10:50 a.m. - 11:10 a.m.

Metallic Nanoparticle analysis by Solution-Cathode Glow Discharge

Nicholas Hazel, Steven A. Ray

The State University of New York at Buffalo, Department of Chemistry

The Solution-Cathode Glow Discharge (SCGD) is a novel, low cost plasma source that has been under investigation for several years. This source consists of a miniature glow discharge formed between a tungsten anode and a cathode consisting of solution flowing through a glass capillary.

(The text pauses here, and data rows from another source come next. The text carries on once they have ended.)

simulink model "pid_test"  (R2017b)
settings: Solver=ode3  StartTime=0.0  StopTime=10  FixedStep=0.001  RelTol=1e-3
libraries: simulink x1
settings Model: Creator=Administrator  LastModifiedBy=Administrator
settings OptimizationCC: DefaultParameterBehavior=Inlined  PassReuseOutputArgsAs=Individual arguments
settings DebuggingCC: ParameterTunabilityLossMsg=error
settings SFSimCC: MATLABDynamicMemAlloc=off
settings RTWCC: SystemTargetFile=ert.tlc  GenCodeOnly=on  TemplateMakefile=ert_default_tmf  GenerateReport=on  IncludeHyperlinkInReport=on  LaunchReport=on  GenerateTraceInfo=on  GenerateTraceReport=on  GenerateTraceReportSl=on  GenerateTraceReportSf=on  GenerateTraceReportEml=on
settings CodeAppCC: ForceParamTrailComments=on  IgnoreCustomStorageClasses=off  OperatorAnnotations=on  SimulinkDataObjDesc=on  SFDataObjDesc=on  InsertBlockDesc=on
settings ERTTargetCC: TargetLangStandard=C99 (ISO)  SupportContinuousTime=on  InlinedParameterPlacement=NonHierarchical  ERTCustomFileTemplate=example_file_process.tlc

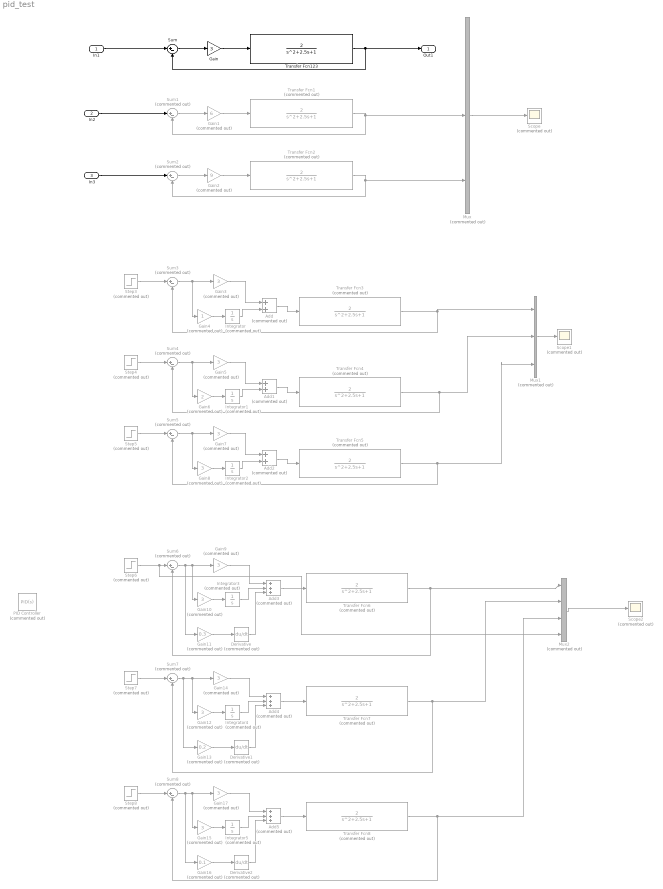
== system pid_test ==
  In1 : Inport
  In2 : Inport  Port=2
  In3 : Inport  Port=3
  Add : Sum  Commented=on
  Add1 : Sum  Commented=on
  Add2 : Sum  Commented=on
  Add3 : Sum  Commented=on  Inputs=+++
  Add4 : Sum  Commented=on  Inputs=+++
  Add5 : Sum  Commented=on  Inputs=+++
  Derivative : Derivative  Commented=on
  Derivative1 : Derivative  Commented=on
  Derivative2 : Derivative  Commented=on
  Gain : Gain  Gain=3
  Gain1 : Gain  Commented=on  Gain=6
  Gain{3,5,7..10,12,14..15,17} (10 alike) : Gain  Commented=on  Gain=3
  Gain11 : Gain  Commented=on  Gain=0.3
  Gain13 : Gain  Commented=on  Gain=0.2
  Gain16 : Gain  Commented=on  Gain=0.1
  Gain2 : Gain  Commented=on  Gain=9
  Gain4 : Gain  Commented=on
  Gain6 : Gain  Commented=on  Gain=2
  Integrator{,1..5} (6 alike) : Integrator  Commented=on
  Mux : Mux  Commented=on  Inputs=3
  Mux1 : Mux  Commented=on  Inputs=3
  Mux2 : Mux  Commented=on
  PID Controller : simulink/Continuous/PID Controller  Commented=on  Controller=PID  TimeDomain=Continuous-time  SampleTime=-1  IntegratorMethod=Forward Euler  FilterMethod=Forward Euler  Form=Parallel  UseFilter=on  ControllerParametersSource=internal  P=1  I=1  D=0  N=100  InitialConditionSource=internal  InitialConditionForIntegrator=0  InitialConditionForFilter=0  ExternalReset=none  LimitOutput=off  UpperSaturationLimit=inf  LowerSaturationLimit=-inf  LinearizeAsGain=on  AntiWindupMode=none  Kb=1  TrackingMode=off  Kt=1  PParamMin=[]  PParamMax=[]  IParamMin=[]  IParamMax=[]  DParamMin=[]  DParamMax=[]  NParamMin=[]  NParamMax=[]  KbParamMin=[]  KbParamMax=[]  KtParamMin=[]  KtParamMax=[]  POutMin=[]  POutMax=[]  IOutMin=[]  IOutMax=[]  DOutMin=[]  DOutMax=[]  NOutMin=[]  NOutMax=[]  KbOutMin=[]  KbOutMax=[]  KtOutMin=[]  KtOutMax=[]  IntegratorOutMin=[]  IntegratorOutMax=[]  FilterOutMin=[]  FilterOutMax=[]  SumOutMin=[]  SumOutMax=[]  SumI1OutMin=[]  SumI1OutMax=[]  SumI2OutMin=[]  SumI2OutMax=[]  SumI3OutMin=[]  SumI3OutMax=[]  SumDOutMin=[]  SumDOutMax=[]  SaturationOutMin=[]  SaturationOutMax=[]  IntegratorContinuousStateAttributes=''  IntegratorStateMustResolveToSignalObject=off  IntegratorRTWStateStorageClass=Auto  FilterContinuousStateAttributes=''  FilterStateMustResolveToSignalObject=off  FilterRTWStateStorageClass=Auto  DifferentiatorICPrevScaledInput=0  DifferentiatorOutMin=[]  DifferentiatorOutMax=[]  InitialConditionSetting=State (most efficient)  FilterDiffOutCoefMin=[]  FilterDiffOutCoefMax=[]  SumDenOutMin=[]  SumDenOutMax=[]  SumNumOutMin=[]  SumNumOutMax=[]  ReciprocalOutMin=[]  ReciprocalOutMax=[]  DivideOutMin=[]  DivideOutMax=[]  TunerSelectOption=Transfer Function Based (PID Tuner App)
  Scope : Scope  Commented=on
  Scope1 : Scope  Commented=on
  Scope2 : Scope  Commented=on
  Step{3..8} (6 alike) : Step  Commented=on  SampleTime=0
  Sum : Sum  Inputs=|+-
  Sum{1..8} (8 alike) : Sum  Commented=on  Inputs=|+-
  Transfer Fcn{1..8} (8 alike) : TransferFcn  Commented=on  Numerator=[2]  Denominator=[1 2.5 1]
  "Transfer Fcn123 " : TransferFcn  Numerator=[2]  Denominator=[1 2.5 1]
  Out1 : Outport
  wires:
  Mux/1 -> Scope/1
  "Transfer Fcn123 "/1 -> Sum/2, Out1/1
  Gain/1 -> "Transfer Fcn123 "/1
  In1/1 -> Sum/1
  Sum/1 -> Gain/1
  In2/1 -> Sum1/1
  Gain1/1 -> Transfer Fcn1/1
  Sum1/1 -> Gain1/1
  Transfer Fcn1/1 -> Sum1/2, Mux/2
  In3/1 -> Sum2/1
  Gain2/1 -> Transfer Fcn2/1
  Sum2/1 -> Gain2/1
  Transfer Fcn2/1 -> Sum2/2, Mux/3
  Gain3/1 -> Add/1
  Step3/1 -> Sum3/1
  Transfer Fcn3/1 -> Sum3/2, Mux1/1
  Sum3/1 -> Gain4/1, Gain3/1
  Add/1 -> Transfer Fcn3/1
  Gain4/1 -> Integrator/1
  Integrator/1 -> Add/2
  Sum4/1 -> Gain6/1, Gain5/1
  Step4/1 -> Sum4/1
  Transfer Fcn4/1 -> Sum4/2, Mux1/2
  Gain6/1 -> Integrator1/1
  Gain5/1 -> Add1/1
  Integrator1/1 -> Add1/2
  Add1/1 -> Transfer Fcn4/1
  Sum5/1 -> Gain8/1, Gain7/1
  Step5/1 -> Sum5/1
  Transfer Fcn5/1 -> Sum5/2, Mux1/3
  Gain8/1 -> Integrator2/1
  Gain7/1 -> Add2/1
  Integrator2/1 -> Add2/2
  Add2/1 -> Transfer Fcn5/1
  Mux1/1 -> Scope1/1
  Sum6/1 -> Gain11/1, Gain10/1, Gain9/1
  Step6/1 -> Mux2/4, Sum6/1
  Transfer Fcn6/1 -> Sum6/2, Mux2/1
  Gain10/1 -> Integrator3/1
  Gain9/1 -> Add3/1
  Integrator3/1 -> Add3/2
  Add3/1 -> Transfer Fcn6/1
  Gain11/1 -> Derivative/1
  Derivative/1 -> Add3/3
  Step7/1 -> Sum7/1
  Sum7/1 -> Gain13/1, Gain12/1, Gain14/1
  Derivative1/1 -> Add4/3
  Integrator4/1 -> Add4/2
  Add4/1 -> Transfer Fcn7/1
  Gain14/1 -> Add4/1
  Transfer Fcn7/1 -> Sum7/2, Mux2/2
  Gain12/1 -> Integrator4/1
  Gain13/1 -> Derivative1/1
  Step8/1 -> Sum8/1
  Sum8/1 -> Gain16/1, Gain15/1, Gain17/1
  Derivative2/1 -> Add5/3
  Integrator5/1 -> Add5/2
  Add5/1 -> Transfer Fcn8/1
  Gain17/1 -> Add5/1
  Transfer Fcn8/1 -> Sum8/2, Mux2/3
  Gain15/1 -> Integrator5/1
  Gain16/1 -> Derivative2/1
  Mux2/1 -> Scope2/1

The SCGD has previously been used for the analysis of metals in solution, brine, ores, and peptides. In this experiment, we describe the use of the discharge for the analysis of metallic nanoparticles (NPs). NPs are increasingly seen as a subject of concern as they are increasingly manufactured, used and released into the environment. Accurately determining the presence and concentration of these species is crucial due to their expected further increase in production and use. Currently, ICP is commonly used in analysis of NP solutions, thus, it would be beneficial to demonstrate that the SCGD is capable of analyzing NP samples with similar merit. In this experiment the emission intensity of Ag, CuO, Fe2O3, and Au, NP solutions were compared to emission from sample solutions containing the equivalent metal concentration in dissolved salt form. Recovery percentages for NP solutions were prepared vs concentration and NP size. It was seen that metallic nanoparticle solutions showed decreased recovery rates relative to solutions of free ion, pointing toward incomplete atomization and excitation of the dispersed nanoparticles.

11:10 a.m. - 11:30 a.m.

ToF-SIMS analysis of Polycyclic Aromatic Hydrocarbons for

Source Apportionment in the Tonawanda Coke Soil Study

Kaitlin Ordiway, Joseph A. Gardella Jr.

The State University of New York at Buffalo, Department of Chemistry

Polycyclic aromatic hydrocarbons (PAHs) are a class of compound composed of a series of fused aromatic rings. PAHs found in the environment are a result of anthropogenic pollution sources such as combustion and industrial emissions. The aromaticity stabilizes these compounds making them resistant to degradation and susceptible to local and long-range deposition. PAHs are of particular concern due to their carcinogenicity and their ability to intercalate into human DNA. PAHs have been used as indicators of specific sources of pollution. The correlation between emission source and the PAHs produced make it possible to attribute emission source based on the PAHs present in the area of interest. However, traditional source apportionment methods rely only on the EPA’s priority PAHs limiting the number of variables assessed when determining dissimilarities between source emission profiles. Many sources have sufficient energy to produce low mass PAHs, while higher mass PAHs can only be produced under specific conditions. Time of flight secondary ion mass spectrometry (ToF-SIMS) allows us to look at a high mass range in order assess the higher mass PAHs that are often excluded from traditional mass spectrometry methods. Standards of PAHs and soil sample extracts were analyzed using ToF-SIMS. Data collected will allow for the assessment of PAH pollution in the surrounding community as part of the Tonawanda Coke Soil Study.